Exercise prompt:
Among the lines of the records, find all that carry the word "CityJSON" and copy them.

Entries provided:
----

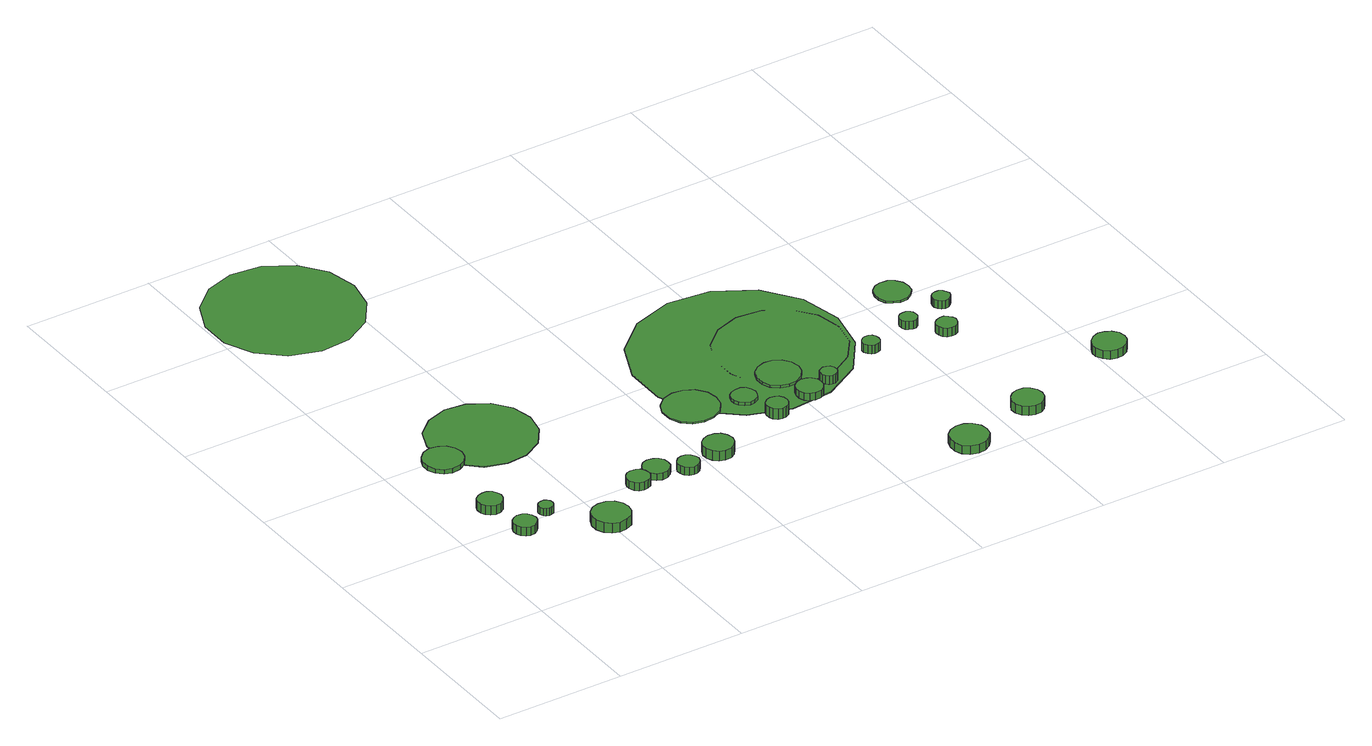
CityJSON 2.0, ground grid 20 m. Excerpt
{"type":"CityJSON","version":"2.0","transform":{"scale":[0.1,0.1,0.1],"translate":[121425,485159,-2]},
"CityObjects":{
"tree1":{"type":"SolitaryVegetationObject","attributes":{"function":"something"},"geometry":[{"type":"MultiSurface","lod":"1","boundaries":[[[0,1,2,3,4,5,6,7,8,9,10,11,12,13,14]],[[15,16,17,18,19,20,21,22,23,24,25,26,27,28,29]],[[0,29,28,1]],[[1,28,27,2]],[[2,27,26,3]],[[3,26,25,4]],[[4,25,24,5]],[[5,24,23,6]],[[6,23,22,7]],[[7,22,21,8]],[[8,21,20,9]],[[9,20,19,10]],[[10,19,18,11]],[[11,18,17,12]],[[12,17,16,13]],[[13,16,15,14]],[[14,15,29,0]]]}]},
"tree2":{"type":"SolitaryVegetationObject","attributes":{"function":"something"},"geometry":[{"type":"MultiSurface","lod":"1","boundaries":[[[30,31,32,33,34,35,36,37,38,39,40,41,42,43,44]],[[45,46,47,48,49,50,51,52,53,54,55,56,57,58,59]],[[30,59,58,31]],[[31,58,57,32]],[[32,57,56,33]],[[33,56,55,34]],[[34,55,54,35]],[[35,54,53,36]],[[36,53,52,37]],[[37,52,51,38]],[[38,51,50,39]],[[39,50,49,40]],[[40,49,48,41]],[[41,48,47,42]],[[42,47,46,43]],[[43,46,45,44]],[[44,45,59,30]]]}]},
"tree3":{"type":"SolitaryVegetationObject","attributes":{"function":"something"},"geometry":[{"type":"MultiSurface","lod":"1","boundaries":[[[60,61,62,63,64,65,66,67,68,69,70,71,72,73,74]],[[75,76,77,78,79,80,81,82,83,84,85,86,87,88,89]],[[60,89,88,61]],[[61,88,87,62]],[[62,87,86,63]],[[63,86,85,64]],[[64,85,84,65]],[[65,84,83,66]],[[66,83,82,67]],[[67,82,81,68]],[[68,81,80,69]],[[69,80,79,70]],[[70,79,78,71]],[[71,78,77,72]],[[72,77,76,73]],[[73,76,75,74]],[[74,75,89,60]]]}]},
"tree4":{"type":"SolitaryVegetationObject","attributes":{"function":"something"},"geometry":[{"type":"MultiSurface","lod":"1","boundaries":[[[90,91,92,93,94,95,96,97,98,99,100,101,102,103,104]],[[105,106,107,108,109,110,111,112,113,114,115,116,117,118,119]],[[90,119,118,91]],[[91,118,117,92]],[[92,117,116,93]],[[93,116,115,94]],[[94,115,114,95]],[[95,114,113,96]],[[96,113,112,97]],[[97,112,111,98]],[[98,111,110,99]],[[99,110,109,100]],[[100,109,108,101]],[[101,108,107,102]],[[102,107,106,103]],[[103,106,105,104]],[[104,105,119,90]]]}]},
"tree5":{"type":"SolitaryVegetationObject","attributes":{"function":"something"},"geometry":[{"type":"MultiSurface","lod":"1","boundaries":[[[120,121,122,123,124,125,126,127,128,129,130,131,132,133,134]],[[135,136,137,138,139,140,141,142,143,144,145,146,147,148,149]],[[120,149,148,121]],[[121,148,147,122]],[[122,147,146,123]],[[123,146,145,124]],[[124,145,144,125]],[[125,144,143,126]],[[126,143,142,127]],[[127,142,141,128]],[[128,141,140,129]],[[129,140,139,130]],[[130,139,138,131]],[[131,138,137,132]],[[132,137,136,133]],[[133,136,135,134]],[[134,135,149,120]]]}]},
"tree6":{"type":"SolitaryVegetationObject","attributes":{"function":"something"}},
"tree7":{"type":"SolitaryVegetationObject","attributes":{"function":"something"},"geometry":[{"type":"MultiSurface","lod":"1","boundaries":[[[150,151,152,153,154,155,156,157,158,159,160,161,162,163,164]],[[165,166,167,168,169,170,171,172,173,174,175,176,177,178,179]],[[150,179,178,151]],[[151,178,177,152]],[[152,177,176,153]],[[153,176,175,154]],[[154,175,174,155]],[[155,174,173,156]],[[156,173,172,157]],[[157,172,171,158]],[[158,171,170,159]],[[159,170,169,160]],[[160,169,168,161]],[[161,168,167,162]],[[162,167,166,163]],[[163,166,165,164]],[[164,165,179,150]]]}]},
"tree8":{"type":"SolitaryVegetationObject","attributes":{"function":"something"}},
"tree9":{"type":"SolitaryVegetationObject","attributes":{"function":"something"}},
"tree10":{"type":"SolitaryVegetationObject","attributes":{"function":"something"},"geometry":[{"type":"MultiSurface","lod":"1","boundaries":[[[180,181,182,183,184,185,186,187,188,189,190,191,192,193,194]],[[195,196,197,198,199,200,201,202,203,204,205,206,207,208,209]],[[180,209,208,181]],[[181,208,207,182]],[[182,207,206,183]],[[183,206,205,184]],[[184,205,204,185]],[[185,204,203,186]],[[186,203,202,187]],[[187,202,201,188]],[[188,201,200,189]],[[189,200,199,190]],[[190,199,198,191]],[[191,198,197,192]],[[192,197,196,193]],[[193,196,195,194]],[[194,195,209,180]]]}]},
"tree11":{"type":"SolitaryVegetationObject","attributes":{"function":"something"}},
"tree12":{"type":"SolitaryVegetationObject","attributes":{"function":"something"},"geometry":[{"type":"MultiSurface","lod":"1","boundaries":[[[210,211,212,213,214,215,216,217,218,219,220,221,222,223,224]]]}]},
"tree13":{"type":"SolitaryVegetationObject","attributes":{"function":"something"}},
"tree14":{"type":"SolitaryVegetationObject","attributes":{"function":"something"},"geometry":[{"type":"MultiSurface","lod":"1","boundaries":[[[225,226,227,228,229,230,231,232,233,234,235,236,237,238,239]],[[240,241,242,243,244,245,246,247,248,249,250,251,252,253,254]],[[225,254,253,226]],[[226,253,252,227]],[[227,252,251,228]],[[228,251,250,229]],[[229,250,249,230]],[[230,249,248,231]],[[231,248,247,232]],[[232,247,246,233]],[[233,246,245,234]],[[234,245,244,235]],[[235,244,243,236]],[[236,243,242,237]],[[237,242,241,238]],[[238,241,240,239]],[[239,240,254,225]]]}]},
"tree15":{"type":"SolitaryVegetationObject","attributes":{"function":"something"}},
"tree16":{"type":"SolitaryVegetationObject","attributes":{"function":"something"}},
"tree17":{"type":"SolitaryVegetationObject","attributes":{"function":"something"}},
"tree18":{"type":"SolitaryVegetationObject","attributes":{"function":"something"},"geometry":[{"type":"MultiSurface","lod":"1","boundaries":[[[255,256,257,258,259,260,261,262,263,264,265,266,267,268,269]],[[270,271,272,273,274,275,276,277,278,279,280,281,282,283,284]],[[255,284,283,256]],[[256,283,282,257]],[[257,282,281,258]],[[258,281,280,259]],[[259,280,279,260]],[[260,279,278,261]],[[261,278,277,262]],[[262,277,276,263]],[[263,276,275,264]],[[264,275,274,265]],[[265,274,273,266]],[[266,273,272,267]],[[267,272,271,268]],[[268,271,270,269]],[[269,270,284,255]]]}]},
"tree19":{"type":"SolitaryVegetationObject","attributes":{"function":"something"}},
"tree20":{"type":"SolitaryVegetationObject","attributes":{"function":"something"}},
"tree21":{"type":"SolitaryVegetationObject","attributes":{"function":"something"},"geometry":[{"type":"MultiSurface","lod":"1","boundaries":[[[285,286,287,288,289,290,291,292,293,294,295,296,297,298,299]],[[300,301,302,303,304,305,306,307,308,309,310,311,312,313,314]],[[285,314,313,286]],[[286,313,312,287]],[[287,312,311,288]],[[288,311,310,289]],[[289,310,309,290]],[[290,309,308,291]],[[291,308,307,292]],[[292,307,306,293]],[[293,306,305,294]],[[294,305,304,295]],[[295,304,303,296]],[[296,303,302,297]],[[297,302,301,298]],[[298,301,300,299]],[[299,300,314,285]]]}]},
"tree22":{"type":"SolitaryVegetationObject","attributes":{"function":"something"},"geometry":[{"type":"MultiSurface","lod":"1","boundaries":[[[315,316,317,318,319,320,321,322,323,324,325,326,327,328,329]],[[330,331,332,333,334,335,336,337,338,339,340,341,342,343,344]],[[315,344,343,316]],[[316,343,342,317]],[[317,342,341,318]],[[318,341,340,319]],[[319,340,339,320]],[[320,339,338,321]],[[321,338,337,322]],[[322,337,336,323]],[[323,336,335,324]],[[324,335,334,325]],[[325,334,333,326]],[[326,333,332,327]],[[327,332,331,328]],[[328,331,330,329]],[[329,330,344,315]]]}]},
"tree23":{"type":"SolitaryVegetationObject","attributes":{"function":"something"},"geometry":[{"type":"MultiSurface","lod":"1","boundaries":[[[345,346,347,348,349,350,351,352,353,354,355,356,357,358,359]],[[360,361,362,363,364,365,366,367,368,369,370,371,372,373,374]],[[345,374,373,346]],[[346,373,372,347]],[[347,372,371,348]],[[348,371,370,349]],[[349,370,369,350]],[[350,369,368,351]],[[351,368,367,352]],[[352,367,366,353]],[[353,366,365,354]],[[354,365,364,355]],[[355,364,363,356]],[[356,363,362,357]],[[357,362,361,358]],[[358,361,360,359]],[[359,360,374,345]]]}]},
"tree24":{"type":"SolitaryVegetationObject","attributes":{"function":"something"},"geometry":[{"type":"MultiSurface","lod":"1","boundaries":[[[375,376,377,378,379,380,381,382,383,384,385,386,387,388,389]],[[390,391,392,393,394,395,396,397,398,399,400,401,402,403,404]],[[375,404,403,376]],[[376,403,402,377]],[[377,402,401,378]],[[378,401,400,379]],[[379,400,399,380]],[[380,399,398,381]],[[381,398,397,382]],[[382,397,396,383]],[[383,396,395,384]],[[384,395,394,385]],[[385,394,393,386]],[[386,393,392,387]],[[387,392,391,388]],[[388,391,390,389]],[[389,390,404,375]]]}]},
"tree25":{"type":"SolitaryVegetationObject","attributes":{"function":"something"},"geometry":[{"type":"MultiSurface","lod":"1","boundaries":[[[405,406,407,408,409,410,411,412,413,414,415,416,417,418,419]],[[420,421,422,423,424,425,426,427,428,429,430,431,432,433,434]],[[405,434,433,406]],[[406,433,432,407]],[[407,432,431,408]],[[408,431,430,409]],[[409,430,429,410]],[[410,429,428,411]],[[411,428,427,412]],[[412,427,426,413]],[[413,426,425,414]],[[414,425,424,415]],[[415,424,423,416]],[[416,423,422,417]],[[417,422,421,418]],[[418,421,420,419]],[[419,420,434,405]]]}]},
"tree26":{"type":"SolitaryVegetationObject","attributes":{"function":"something"},"geometry":[{"type":"MultiSurface","lod":"1","boundaries":[[[435,436,437,438,439,440,441,442,443,444,445,446,447,448,449]],[[450,451,452,453,454,455,456,457,458,459,460,461,462,463,464]],[[435,464,463,436]],[[436,463,462,437]],[[437,462,461,438]],[[438,461,460,439]],[[439,460,459,440]],[[440,459,458,441]],[[441,458,457,442]],[[442,457,456,443]],[[443,456,455,444]],[[444,455,454,445]],[[445,454,453,446]],[[446,453,452,447]],[[447,452,451,448]],[[448,451,450,449]],[[449,450,464,435]]]}]},
"tree27":{"type":"SolitaryVegetationObject","attributes":{"function":"something"},"geometry":[{"type":"MultiSurface","lod":"1","boundaries":[[[465,466,467,468,469,470,471,472,473,474,475,476,477,478,479]],[[480,481,482,483,484,485,486,487,488,489,490,491,492,493,494]],[[465,494,493,466]],[[466,493,492,467]],[[467,492,491,468]],[[468,491,490,469]],[[469,490,489,470]],[[470,489,488,471]],[[471,488,487,472]],[[472,487,486,473]],[[473,486,485,474]],[[474,485,484,475]],[[475,484,483,476]],[[476,483,482,477]],[[477,482,481,478]],[[478,481,480,479]],[[479,480,494,465]]]}]},
"tree28":{"type":"SolitaryVegetationObject","attributes":{"function":"something"}},
"tree29":{"type":"SolitaryVegetationObject","attributes":{"function":"something"},"geometry":[{"type":"MultiSurface","lod":"1","boundaries":[[[495,496,497,498,499,500,501,502,503,504,505,506,507,508,509]],[[510,511,512,513,514,515,516,517,518,519,520,521,522,523,524]],[[495,524,523,496]],[[496,523,522,497]],[[497,522,521,498]],[[498,521,520,499]],[[499,520,519,500]],[[500,519,518,501]],[[501,518,517,502]],[[502,517,516,503]],[[503,516,515,504]],[[504,515,514,505]],[[505,514,513,506]],[[506,513,512,507]],[[507,512,511,508]],[[508,511,510,509]],[[509,510,524,495]]]}]},
"tree30":{"type":"SolitaryVegetationObject","attributes":{"function":"something"},"geometry":[{"type":"MultiSurface","lod":"1","boundaries":[[[525,526,527,528,529,530,531,532,533,534,535,536,537,538,539]],[[540,541,542,543,544,545,546,547,548,549,550,551,552,553,554]],[[525,554,553,526]],[[526,553,552,527]],[[527,552,551,528]],[[528,551,550,529]],[[529,550,549,530]],[[530,549,548,531]],[[531,548,547,532]],[[532,547,546,533]],[[533,546,545,534]],[[534,545,544,535]],[[535,544,543,536]],[[536,543,542,537]],[[537,542,541,538]],[[538,541,540,539]],[[539,540,554,525]]]}]},
"tree31":{"type":"SolitaryVegetationObject","attributes":{"function":"something"},"geometry":[{"type":"MultiSurface","lod":"1","boundaries":[[[555,556,557,558,559,560,561,562,563,564,565,566,567,568,569]],[[570,571,572,573,574,575,576,577,578,579,580,581,582,583,584]],[[555,584,583,556]],[[556,583,582,557]],[[557,582,581,558]],[[558,581,580,559]],[[559,580,579,560]],[[560,579,578,561]],[[561,578,577,562]],[[562,577,576,563]],[[563,576,575,564]],[[564,575,574,565]],[[565,574,573,566]],[[566,573,572,567]],[[567,572,571,568]],[[568,571,570,569]],[[569,570,584,555]]]}]},
"tree32":{"type":"SolitaryVegetationObject","attributes":{"function":"something"}},
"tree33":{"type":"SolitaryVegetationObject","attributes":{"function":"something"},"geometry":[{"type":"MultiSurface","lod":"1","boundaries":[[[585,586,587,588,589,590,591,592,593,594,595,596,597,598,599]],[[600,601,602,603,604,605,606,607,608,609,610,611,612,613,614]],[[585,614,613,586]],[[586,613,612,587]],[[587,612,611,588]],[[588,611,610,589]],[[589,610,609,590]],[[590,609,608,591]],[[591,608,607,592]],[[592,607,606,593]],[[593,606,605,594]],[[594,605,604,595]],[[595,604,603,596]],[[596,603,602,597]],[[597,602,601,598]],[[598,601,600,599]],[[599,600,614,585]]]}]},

----

Answer to this exercise:
CityJSON 2.0, ground grid 20 m. Excerpt
{"type":"CityJSON","version":"2.0","transform":{"scale":[0.1,0.1,0.1],"translate":[121425,485159,-2]},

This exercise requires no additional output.